I think that the solution I mentioned in the previous post, maintaining the checksums for each package-lock.json in the cache, merging the prepare and npm-install tasks into the before_script of the testing task and using a check file to indicate that the initial cache was written successfully should meet the original requirements, without using the rules and additional tasks.

Thank you for your assistance, it is much appreciated!

ketzacoatl · June 15, 2021, 12:03pm

If you do wish to separate them, you would want different stages. Multiple jobs can run in parallel in a stage, and cannot run sequentially within a stage. Multiple stages run sequentially, not in parallel.

You can then use a combination of caching and artifacts to prime jobs and pass along outputs. For example, it’s reasonable to make node_modules an artifact between jobs (and cached by the job that “builds” the initial artifact for the pipeline.

rules is a bit more complicated than the original facility for this, however you should be able to accomplish what you are looking for.
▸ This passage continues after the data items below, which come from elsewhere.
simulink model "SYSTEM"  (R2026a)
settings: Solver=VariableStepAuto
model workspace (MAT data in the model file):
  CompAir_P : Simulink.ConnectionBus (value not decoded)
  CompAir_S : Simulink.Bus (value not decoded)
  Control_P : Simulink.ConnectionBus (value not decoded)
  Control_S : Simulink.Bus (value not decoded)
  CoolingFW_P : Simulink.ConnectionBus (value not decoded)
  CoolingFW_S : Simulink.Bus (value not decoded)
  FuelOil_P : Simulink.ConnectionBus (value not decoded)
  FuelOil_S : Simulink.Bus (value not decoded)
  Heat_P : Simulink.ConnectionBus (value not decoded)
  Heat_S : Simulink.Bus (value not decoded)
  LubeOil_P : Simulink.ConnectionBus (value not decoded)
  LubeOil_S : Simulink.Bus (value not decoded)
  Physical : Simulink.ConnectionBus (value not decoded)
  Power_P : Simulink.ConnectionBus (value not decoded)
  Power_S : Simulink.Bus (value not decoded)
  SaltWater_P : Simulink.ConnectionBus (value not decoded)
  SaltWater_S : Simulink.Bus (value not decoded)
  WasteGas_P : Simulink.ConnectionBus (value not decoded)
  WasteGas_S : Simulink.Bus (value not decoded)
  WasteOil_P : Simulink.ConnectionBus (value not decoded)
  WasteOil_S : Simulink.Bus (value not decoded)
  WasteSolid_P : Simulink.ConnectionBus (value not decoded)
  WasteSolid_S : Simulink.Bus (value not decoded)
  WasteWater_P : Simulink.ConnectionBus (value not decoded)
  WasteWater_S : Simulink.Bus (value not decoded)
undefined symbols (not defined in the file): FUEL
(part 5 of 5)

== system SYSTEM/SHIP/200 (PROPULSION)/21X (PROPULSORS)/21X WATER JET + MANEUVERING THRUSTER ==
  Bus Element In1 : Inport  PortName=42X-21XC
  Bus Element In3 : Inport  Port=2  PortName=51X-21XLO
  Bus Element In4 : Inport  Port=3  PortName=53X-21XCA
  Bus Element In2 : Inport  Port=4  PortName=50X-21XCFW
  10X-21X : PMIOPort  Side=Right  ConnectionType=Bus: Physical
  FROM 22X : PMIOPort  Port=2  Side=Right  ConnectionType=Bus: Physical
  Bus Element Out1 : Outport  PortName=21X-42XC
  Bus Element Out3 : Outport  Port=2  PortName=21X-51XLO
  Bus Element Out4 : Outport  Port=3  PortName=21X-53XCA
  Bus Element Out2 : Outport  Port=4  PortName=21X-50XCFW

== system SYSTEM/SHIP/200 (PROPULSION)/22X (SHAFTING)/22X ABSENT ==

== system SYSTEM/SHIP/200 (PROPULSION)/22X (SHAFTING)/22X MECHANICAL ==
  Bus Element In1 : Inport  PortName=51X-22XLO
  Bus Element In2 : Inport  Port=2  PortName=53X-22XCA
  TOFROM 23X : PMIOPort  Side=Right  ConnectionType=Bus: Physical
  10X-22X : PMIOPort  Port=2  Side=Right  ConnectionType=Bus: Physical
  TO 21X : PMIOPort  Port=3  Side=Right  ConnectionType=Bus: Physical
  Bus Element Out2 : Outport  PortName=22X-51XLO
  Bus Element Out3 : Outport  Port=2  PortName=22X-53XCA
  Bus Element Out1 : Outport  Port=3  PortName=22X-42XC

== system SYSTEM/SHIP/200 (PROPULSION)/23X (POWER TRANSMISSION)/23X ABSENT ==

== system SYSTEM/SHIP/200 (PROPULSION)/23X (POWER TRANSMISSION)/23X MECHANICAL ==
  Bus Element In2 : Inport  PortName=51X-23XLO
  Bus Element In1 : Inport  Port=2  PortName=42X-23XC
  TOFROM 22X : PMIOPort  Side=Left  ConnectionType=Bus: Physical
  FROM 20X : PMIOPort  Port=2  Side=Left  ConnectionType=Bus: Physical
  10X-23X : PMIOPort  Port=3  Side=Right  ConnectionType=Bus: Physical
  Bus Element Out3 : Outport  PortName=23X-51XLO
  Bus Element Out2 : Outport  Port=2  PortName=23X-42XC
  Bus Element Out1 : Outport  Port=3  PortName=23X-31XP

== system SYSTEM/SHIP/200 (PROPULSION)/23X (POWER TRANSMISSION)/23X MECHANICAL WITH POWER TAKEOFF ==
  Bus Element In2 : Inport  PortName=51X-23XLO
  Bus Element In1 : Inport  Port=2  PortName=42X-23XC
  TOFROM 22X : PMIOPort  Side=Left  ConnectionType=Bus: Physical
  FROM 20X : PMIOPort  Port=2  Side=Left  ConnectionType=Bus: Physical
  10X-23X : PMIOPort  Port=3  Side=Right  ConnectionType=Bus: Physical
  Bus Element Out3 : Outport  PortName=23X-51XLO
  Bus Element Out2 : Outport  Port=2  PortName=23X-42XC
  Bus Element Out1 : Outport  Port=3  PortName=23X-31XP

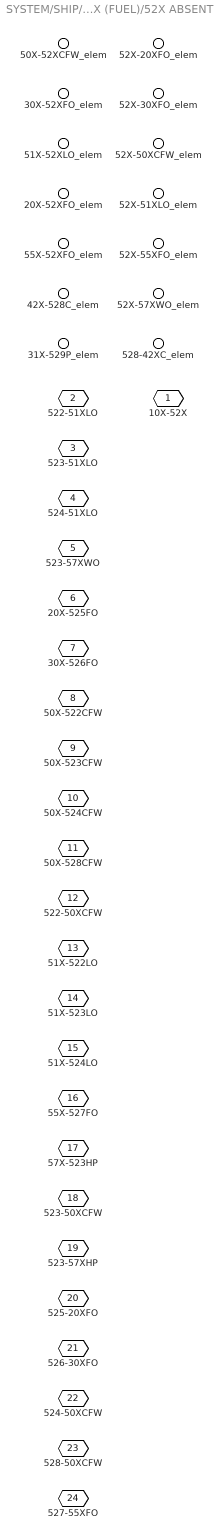
== system SYSTEM/SHIP/500 (AUXILLIARY SYSTEMS)/52X (FUEL)/52X ABSENT ==
  50X-52XCFW_elem : Inport  PortName=50X-52XCFW
  30X-52XFO_elem : Inport  Port=2  PortName=30X-52XFO
  51X-52XLO_elem : Inport  Port=3  PortName=51X-52XLO
  20X-52XFO_elem : Inport  Port=4  PortName=20X-52XFO
  55X-52XFO_elem : Inport  Port=5  PortName=55X-52XFO
  42X-528C_elem : Inport  Port=6  PortName=42X-528C
  31X-529P_elem : Inport  Port=7  PortName=31X-529P
  10X-52X : PMIOPort  Side=Right
  522-51XLO : PMIOPort  Port=2  Side=Left  ConnectionType=Bus: LubeOil_P
  523-51XLO : PMIOPort  Port=3  Side=Left  ConnectionType=Bus: LubeOil_P
  524-51XLO : PMIOPort  Port=4  Side=Left  ConnectionType=Bus: LubeOil_P
  523-57XWO : PMIOPort  Port=5  Side=Left  ConnectionType=Bus: WasteOil_P
  20X-525FO : PMIOPort  Port=6  Side=Left  ConnectionType=Bus: FuelOil_P
  30X-526FO : PMIOPort  Port=7  Side=Left  ConnectionType=Bus: FuelOil_P
  50X-522CFW : PMIOPort  Port=8  Side=Left  ConnectionType=Bus: CoolingFW_P
  50X-523CFW : PMIOPort  Port=9  Side=Left  ConnectionType=Bus: CoolingFW_P
  50X-524CFW : PMIOPort  Port=10  Side=Left  ConnectionType=Bus: CoolingFW_P
  50X-528CFW : PMIOPort  Port=11  Side=Left  ConnectionType=Bus: CoolingFW_P
  522-50XCFW : PMIOPort  Port=12  Side=Left  ConnectionType=Bus: CoolingFW_P
  51X-522LO : PMIOPort  Port=13  Side=Left  ConnectionType=Bus: LubeOil_P
  51X-523LO : PMIOPort  Port=14  Side=Left  ConnectionType=Bus: LubeOil_P
  51X-524LO : PMIOPort  Port=15  Side=Left  ConnectionType=Bus: LubeOil_P
  55X-527FO : PMIOPort  Port=16  Side=Left  ConnectionType=Bus: FuelOil_P
  57X-523HP : PMIOPort  Port=17  Side=Left  ConnectionType=Bus: Heat_P
  523-50XCFW : PMIOPort  Port=18  Side=Left  ConnectionType=Bus: CoolingFW_P
  523-57XHP : PMIOPort  Port=19  Side=Left  ConnectionType=Bus: Heat_P
  525-20XFO : PMIOPort  Port=20  Side=Left  ConnectionType=Bus: FuelOil_P
  526-30XFO : PMIOPort  Port=21  Side=Left  ConnectionType=Bus: FuelOil_P
  524-50XCFW : PMIOPort  Port=22  Side=Left  ConnectionType=Bus: CoolingFW_P
  528-50XCFW : PMIOPort  Port=23  Side=Left  ConnectionType=Bus: CoolingFW_P
  527-55XFO : PMIOPort  Port=24  Side=Left  ConnectionType=Bus: FuelOil_P
  52X-20XFO_elem : Outport  PortName=52X-20XFO
  52X-30XFO_elem : Outport  Port=2  PortName=52X-30XFO
  52X-50XCFW_elem : Outport  Port=3  PortName=52X-50XCFW
  52X-51XLO_elem : Outport  Port=4  PortName=52X-51XLO
  52X-55XFO_elem : Outport  Port=5  PortName=52X-55XFO
  52X-57XWO_elem : Outport  Port=6  PortName=52X-57XWO
  528-42XC_elem : Outport  Port=7  PortName=528-42XC

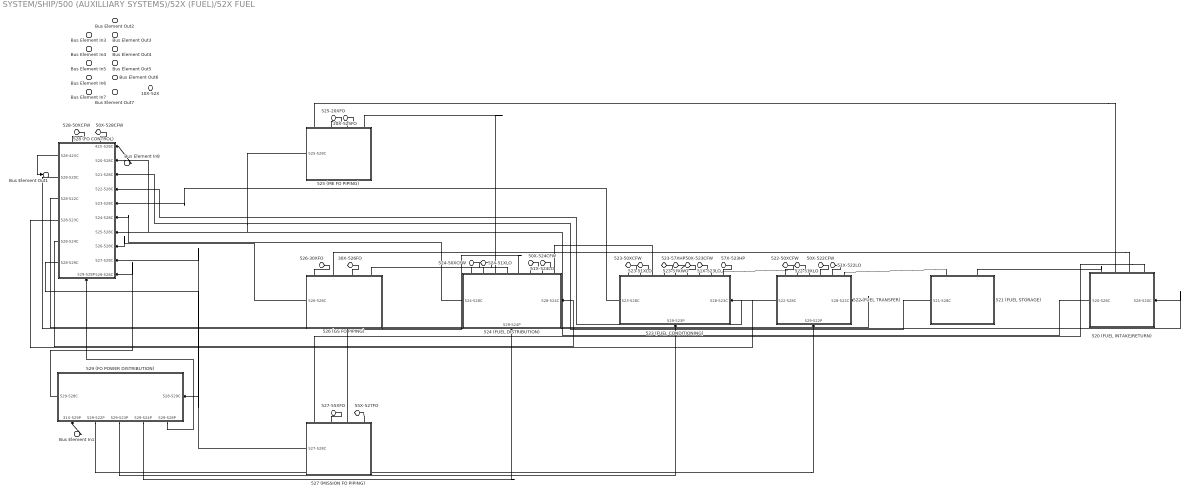
== system SYSTEM/SHIP/500 (AUXILLIARY SYSTEMS)/52X (FUEL)/52X FUEL ==
  Bus Element In3 : Inport  PortName=50X-52XCFW
  Bus Element In6 : Inport  Port=2  PortName=30X-52XFO
  Bus Element In4 : Inport  Port=3  PortName=51X-52XLO
  Bus Element In5 : Inport  Port=4  PortName=20X-52XFO
  Bus Element In7 : Inport  Port=5  PortName=55X-52XFO
  Bus Element In8 : Inport  Port=6  PortName=42X-528C
  Bus Element In1 : Inport  Port=7  PortName=31X-529P
  520 (FUEL INTAKE/RETURN) : Subsystem
      settings: PortSchema="{\"entries\":[{\"content\":{\"headerSize\":26,\"margin\":15,\"minimumSpacing\":25,\"sides\":[{\"content\":{\"connectorIds\":[\"Out1\"]},\"type\":\"ConnectorPlacement.EquallySpacedRectSide\",\"uuid\":\"4cfdffe2-3a28-4674-9aac-ff2f96812f2a\"},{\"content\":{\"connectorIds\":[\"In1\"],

I would recommend “keeping it simple”, and building it out iteratively if you run into issues.

It sounds like you are “doing too much”, and “making it more complicated than it needs to be” - go back to “keeping it simple”. Let GitLab manage the cache. Do less work. Maybe you do need the if/else conditionals, but I would first challenge myself to find a way without the complication.

Also, for caching, you might be clobbering your cache, and you might want to ensure the cache keys are more unique (this can be challenging to get right, but I tend to start with “more unique” and make the key “more generic” if the cache is not being used enough. Per branch caches, and falling back to master is a good default.